Overcoming the aforementioned constraints would involve providing institutional support in terms of credit, quality control management, skill training and marketing. This could be done by facilitating the establishment of industrial support centers (ISCs.) located in specified growth nodes in selected towns where the entrepreneurial and technical potential as well as markets already exist. Such support institutions (ISCs.) while being facilitated by the government and autonomous organizations such as SMEDA can and should be in the private sector and be market driven.

The concept of the Industrial Support Centers is based on the fact that small scale industrialists in Pakistan have already demonstrated a high degree of entrepreneurship, innovation and efficient utilization of capital. The ISCs would provide an opportunity for rapid growth to SSEs through local participation in extension services, prototype development, and diffusion of improved technologies, equipment and management procedures. The ISCs would constitute a decentralized system which ensures continuous easy access to a comprehensive package of support services such as credit, skill training, managerial advice and technical assistance. The ISCs could also be linked up with national research centres, and donor agencies for drawing upon technical expertise and financial resources of these agencies in the service of SSEs.

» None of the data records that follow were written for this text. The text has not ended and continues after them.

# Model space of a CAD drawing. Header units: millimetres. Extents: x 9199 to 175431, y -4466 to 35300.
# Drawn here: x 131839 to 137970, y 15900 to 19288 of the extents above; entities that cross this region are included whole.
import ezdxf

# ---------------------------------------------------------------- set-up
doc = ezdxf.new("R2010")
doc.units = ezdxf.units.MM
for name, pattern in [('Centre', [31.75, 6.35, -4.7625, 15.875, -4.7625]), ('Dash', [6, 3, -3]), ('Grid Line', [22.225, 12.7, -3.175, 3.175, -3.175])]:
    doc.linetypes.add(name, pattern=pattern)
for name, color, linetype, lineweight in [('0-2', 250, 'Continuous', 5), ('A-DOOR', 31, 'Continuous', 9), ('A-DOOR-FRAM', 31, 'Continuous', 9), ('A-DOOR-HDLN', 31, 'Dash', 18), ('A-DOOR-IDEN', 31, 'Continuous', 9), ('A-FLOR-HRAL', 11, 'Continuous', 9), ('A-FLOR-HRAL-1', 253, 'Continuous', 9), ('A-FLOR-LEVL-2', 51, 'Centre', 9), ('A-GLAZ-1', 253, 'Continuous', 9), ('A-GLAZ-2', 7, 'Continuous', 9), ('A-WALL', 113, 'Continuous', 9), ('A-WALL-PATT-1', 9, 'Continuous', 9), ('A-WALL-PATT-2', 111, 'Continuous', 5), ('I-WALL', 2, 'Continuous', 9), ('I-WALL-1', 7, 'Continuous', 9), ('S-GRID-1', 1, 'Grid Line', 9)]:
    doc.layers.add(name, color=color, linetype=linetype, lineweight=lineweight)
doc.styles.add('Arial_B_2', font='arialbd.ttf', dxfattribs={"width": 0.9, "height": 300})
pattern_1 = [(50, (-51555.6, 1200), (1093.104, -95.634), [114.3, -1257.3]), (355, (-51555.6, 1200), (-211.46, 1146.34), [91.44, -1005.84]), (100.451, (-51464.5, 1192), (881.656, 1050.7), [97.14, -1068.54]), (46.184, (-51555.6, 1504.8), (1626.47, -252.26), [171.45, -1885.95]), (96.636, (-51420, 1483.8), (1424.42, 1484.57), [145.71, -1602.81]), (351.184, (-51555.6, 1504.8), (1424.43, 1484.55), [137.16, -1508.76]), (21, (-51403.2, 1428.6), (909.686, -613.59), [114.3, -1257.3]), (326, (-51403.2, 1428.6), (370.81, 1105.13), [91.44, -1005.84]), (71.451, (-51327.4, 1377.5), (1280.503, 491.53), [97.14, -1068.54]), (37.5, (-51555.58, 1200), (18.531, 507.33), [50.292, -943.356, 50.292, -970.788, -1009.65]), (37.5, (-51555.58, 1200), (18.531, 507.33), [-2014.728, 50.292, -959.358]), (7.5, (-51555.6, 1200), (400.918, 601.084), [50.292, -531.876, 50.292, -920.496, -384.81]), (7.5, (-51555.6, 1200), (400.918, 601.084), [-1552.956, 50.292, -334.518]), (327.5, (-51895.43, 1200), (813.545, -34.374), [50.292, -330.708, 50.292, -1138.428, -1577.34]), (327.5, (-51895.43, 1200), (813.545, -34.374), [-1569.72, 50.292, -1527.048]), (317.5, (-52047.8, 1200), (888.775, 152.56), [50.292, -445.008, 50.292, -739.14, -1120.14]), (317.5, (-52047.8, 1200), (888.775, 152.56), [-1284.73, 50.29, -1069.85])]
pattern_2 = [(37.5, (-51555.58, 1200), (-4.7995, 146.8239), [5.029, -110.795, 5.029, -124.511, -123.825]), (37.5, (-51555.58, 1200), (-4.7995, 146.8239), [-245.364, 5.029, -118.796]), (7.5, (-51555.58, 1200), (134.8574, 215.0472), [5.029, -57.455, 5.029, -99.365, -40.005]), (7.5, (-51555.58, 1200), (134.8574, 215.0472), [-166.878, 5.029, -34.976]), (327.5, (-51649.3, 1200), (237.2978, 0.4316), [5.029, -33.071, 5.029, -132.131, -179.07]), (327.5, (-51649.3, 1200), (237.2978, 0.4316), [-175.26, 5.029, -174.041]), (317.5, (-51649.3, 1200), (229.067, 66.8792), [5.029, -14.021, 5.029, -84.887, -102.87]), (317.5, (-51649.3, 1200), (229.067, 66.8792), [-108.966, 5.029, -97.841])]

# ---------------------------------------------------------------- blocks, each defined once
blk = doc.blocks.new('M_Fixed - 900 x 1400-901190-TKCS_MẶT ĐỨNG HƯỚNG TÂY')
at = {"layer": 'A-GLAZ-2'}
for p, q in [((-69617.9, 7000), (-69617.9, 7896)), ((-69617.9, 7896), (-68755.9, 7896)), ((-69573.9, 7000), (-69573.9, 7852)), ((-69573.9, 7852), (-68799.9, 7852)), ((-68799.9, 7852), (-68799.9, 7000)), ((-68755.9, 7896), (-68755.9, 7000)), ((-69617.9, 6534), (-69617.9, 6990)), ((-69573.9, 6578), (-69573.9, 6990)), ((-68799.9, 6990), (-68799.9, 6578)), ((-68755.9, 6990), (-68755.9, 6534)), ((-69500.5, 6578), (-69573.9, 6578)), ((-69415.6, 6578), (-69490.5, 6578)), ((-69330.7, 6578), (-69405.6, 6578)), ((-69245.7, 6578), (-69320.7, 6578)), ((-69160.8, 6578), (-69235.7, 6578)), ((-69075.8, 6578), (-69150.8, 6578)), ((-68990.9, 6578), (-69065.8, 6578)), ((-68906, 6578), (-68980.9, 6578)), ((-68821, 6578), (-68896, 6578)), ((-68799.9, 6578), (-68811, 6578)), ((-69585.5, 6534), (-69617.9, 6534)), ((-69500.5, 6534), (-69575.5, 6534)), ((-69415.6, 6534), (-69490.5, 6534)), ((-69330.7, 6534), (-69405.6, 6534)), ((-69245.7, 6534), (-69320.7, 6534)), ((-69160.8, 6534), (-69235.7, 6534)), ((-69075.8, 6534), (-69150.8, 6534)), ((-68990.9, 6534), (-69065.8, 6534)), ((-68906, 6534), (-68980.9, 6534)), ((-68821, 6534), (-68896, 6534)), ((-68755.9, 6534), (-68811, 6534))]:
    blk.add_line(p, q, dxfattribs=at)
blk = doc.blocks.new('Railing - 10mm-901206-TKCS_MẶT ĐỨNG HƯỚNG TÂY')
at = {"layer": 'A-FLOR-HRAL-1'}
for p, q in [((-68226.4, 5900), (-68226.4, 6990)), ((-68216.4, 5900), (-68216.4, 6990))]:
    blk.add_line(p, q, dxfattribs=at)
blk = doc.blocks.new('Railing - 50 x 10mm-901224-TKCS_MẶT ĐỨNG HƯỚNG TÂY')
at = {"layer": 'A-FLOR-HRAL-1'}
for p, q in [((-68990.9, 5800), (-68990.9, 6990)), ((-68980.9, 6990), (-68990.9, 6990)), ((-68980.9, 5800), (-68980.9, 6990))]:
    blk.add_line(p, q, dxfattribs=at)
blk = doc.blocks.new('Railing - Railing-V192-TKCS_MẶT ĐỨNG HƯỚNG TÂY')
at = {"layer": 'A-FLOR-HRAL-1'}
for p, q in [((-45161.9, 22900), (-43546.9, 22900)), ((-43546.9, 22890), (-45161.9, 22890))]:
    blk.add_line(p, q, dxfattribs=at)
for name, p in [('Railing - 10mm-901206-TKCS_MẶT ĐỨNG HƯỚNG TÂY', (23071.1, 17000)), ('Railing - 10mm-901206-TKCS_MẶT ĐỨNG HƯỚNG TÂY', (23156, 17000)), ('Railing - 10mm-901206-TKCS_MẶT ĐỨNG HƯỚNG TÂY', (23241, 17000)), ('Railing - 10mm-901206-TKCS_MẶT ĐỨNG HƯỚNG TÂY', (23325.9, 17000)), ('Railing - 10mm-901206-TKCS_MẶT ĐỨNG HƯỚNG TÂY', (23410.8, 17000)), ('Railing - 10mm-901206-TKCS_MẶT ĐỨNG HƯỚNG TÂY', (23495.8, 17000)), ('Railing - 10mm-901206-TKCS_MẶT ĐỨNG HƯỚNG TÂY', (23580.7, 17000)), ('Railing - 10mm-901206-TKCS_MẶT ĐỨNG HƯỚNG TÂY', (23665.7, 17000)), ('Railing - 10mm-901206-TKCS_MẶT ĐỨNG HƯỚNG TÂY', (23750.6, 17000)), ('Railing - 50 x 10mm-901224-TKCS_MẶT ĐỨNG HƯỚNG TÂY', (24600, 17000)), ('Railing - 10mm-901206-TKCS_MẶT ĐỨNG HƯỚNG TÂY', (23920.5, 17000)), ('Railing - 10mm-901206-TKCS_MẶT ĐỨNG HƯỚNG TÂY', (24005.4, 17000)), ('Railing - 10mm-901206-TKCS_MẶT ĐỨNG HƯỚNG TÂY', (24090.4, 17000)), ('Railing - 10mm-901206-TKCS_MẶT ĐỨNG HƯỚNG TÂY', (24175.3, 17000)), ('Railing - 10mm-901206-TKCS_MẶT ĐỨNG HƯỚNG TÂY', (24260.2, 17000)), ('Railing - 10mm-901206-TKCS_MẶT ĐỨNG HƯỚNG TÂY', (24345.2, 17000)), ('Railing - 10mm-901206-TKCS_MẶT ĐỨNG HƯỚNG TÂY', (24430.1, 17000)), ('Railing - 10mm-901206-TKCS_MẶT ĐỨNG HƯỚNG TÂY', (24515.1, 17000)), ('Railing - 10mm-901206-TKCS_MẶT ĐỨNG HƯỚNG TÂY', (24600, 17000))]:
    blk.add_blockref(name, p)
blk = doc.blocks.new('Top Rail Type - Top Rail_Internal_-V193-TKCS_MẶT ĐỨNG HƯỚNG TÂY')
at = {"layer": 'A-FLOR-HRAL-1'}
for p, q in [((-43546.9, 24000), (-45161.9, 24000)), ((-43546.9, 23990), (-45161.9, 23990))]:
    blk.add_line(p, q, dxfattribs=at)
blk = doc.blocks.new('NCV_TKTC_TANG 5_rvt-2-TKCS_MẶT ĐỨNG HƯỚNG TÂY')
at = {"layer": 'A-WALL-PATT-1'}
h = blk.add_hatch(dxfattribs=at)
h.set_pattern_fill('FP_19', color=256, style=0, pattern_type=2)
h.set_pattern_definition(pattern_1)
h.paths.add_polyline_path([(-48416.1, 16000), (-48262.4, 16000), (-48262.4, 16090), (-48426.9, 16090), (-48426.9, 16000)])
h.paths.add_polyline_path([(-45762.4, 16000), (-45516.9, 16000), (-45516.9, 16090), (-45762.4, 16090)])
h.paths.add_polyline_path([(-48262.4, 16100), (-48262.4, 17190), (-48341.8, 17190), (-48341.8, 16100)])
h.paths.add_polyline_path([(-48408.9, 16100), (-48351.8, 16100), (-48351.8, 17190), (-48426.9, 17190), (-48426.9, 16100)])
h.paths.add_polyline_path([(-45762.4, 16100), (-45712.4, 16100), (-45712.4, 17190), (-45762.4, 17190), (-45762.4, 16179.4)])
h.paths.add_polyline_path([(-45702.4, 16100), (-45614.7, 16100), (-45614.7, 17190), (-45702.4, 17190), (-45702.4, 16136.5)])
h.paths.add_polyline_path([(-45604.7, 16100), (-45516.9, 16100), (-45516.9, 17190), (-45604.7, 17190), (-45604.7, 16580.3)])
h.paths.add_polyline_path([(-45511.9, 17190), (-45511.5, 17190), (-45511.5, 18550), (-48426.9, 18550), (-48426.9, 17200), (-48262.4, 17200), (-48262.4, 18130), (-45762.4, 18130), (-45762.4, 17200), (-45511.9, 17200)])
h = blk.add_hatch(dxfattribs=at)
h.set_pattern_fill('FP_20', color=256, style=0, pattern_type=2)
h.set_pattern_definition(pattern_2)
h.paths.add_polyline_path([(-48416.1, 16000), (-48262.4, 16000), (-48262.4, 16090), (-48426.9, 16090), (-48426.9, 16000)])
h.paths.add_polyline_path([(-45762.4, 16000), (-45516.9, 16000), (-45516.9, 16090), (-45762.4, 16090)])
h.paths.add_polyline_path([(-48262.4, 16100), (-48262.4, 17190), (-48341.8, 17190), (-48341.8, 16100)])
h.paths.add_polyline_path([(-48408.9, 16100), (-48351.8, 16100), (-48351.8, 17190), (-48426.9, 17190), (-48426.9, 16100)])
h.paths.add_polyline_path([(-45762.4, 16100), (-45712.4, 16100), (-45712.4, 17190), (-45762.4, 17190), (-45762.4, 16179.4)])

The ISCs would be located in specified growth nodes where there exists a potential for major rural industrialization activities.

The Industrial Support Centres could have the following functional dimensions:

(i) Marketing

Provision of orders from the large scale manufacturing sector for components, and from farmers for farm implements. These orders would then be sub-contracted to the cluster of SSI units that the ISC is supposed to serve. The individual order would be sub-contracted to the SSI on the basis of the skills and potential strengths of the unit concerned.

(ii) Monitoring and Quality Control

Having given the sub-contract, the ISC would then monitor the units closely and help pinpoint and overcome unit specific bottlenecks to the timely delivery and quality control of the manufactured products. These bottlenecks may be specialized skills, equipment, good quality raw material or credit.

(iii) Skill Training and Product Development.

Skill training for technicians could be provided by the new good quality vocational training institutes (VTIs.) that have emerged since the late 1990s, in the Punjab under the auspices of the Vocational Training Council and similar VTIs. could be established in other provinces. The ISC would provide specialized supplementary skill training on its premises to workers in the satellite SSE units when required. At the same time, it would provide advice on jigs, fixtures, special tools and product development where required.

(iv) Forging and Heat Treatment Facilities

The ISC's would establish at their premises plants for forging, heat treatment and surface treatment. The SSI units could come to the ISC to get such fabrication done on the products they are manufacturing on sub-contract, and pay a mutually agreed price for this job to the ISC.

v) Credit

The ISC would provide credit to the SSI's for purchase of new equipment and raw materials. In cases where raw materials are available in bulk supply, the ISC could buy it from the source, stock it on its premises and sell at a reasonable price to units as and when they need the raw materials.

CONCLUSION

The process of economic revival requires not only an increase in investment, but also a change in the composition of investment to accelerate growth of employment and exports. In the achievement of this objective, small scale industries with a market driven institutional support system, could play a key role.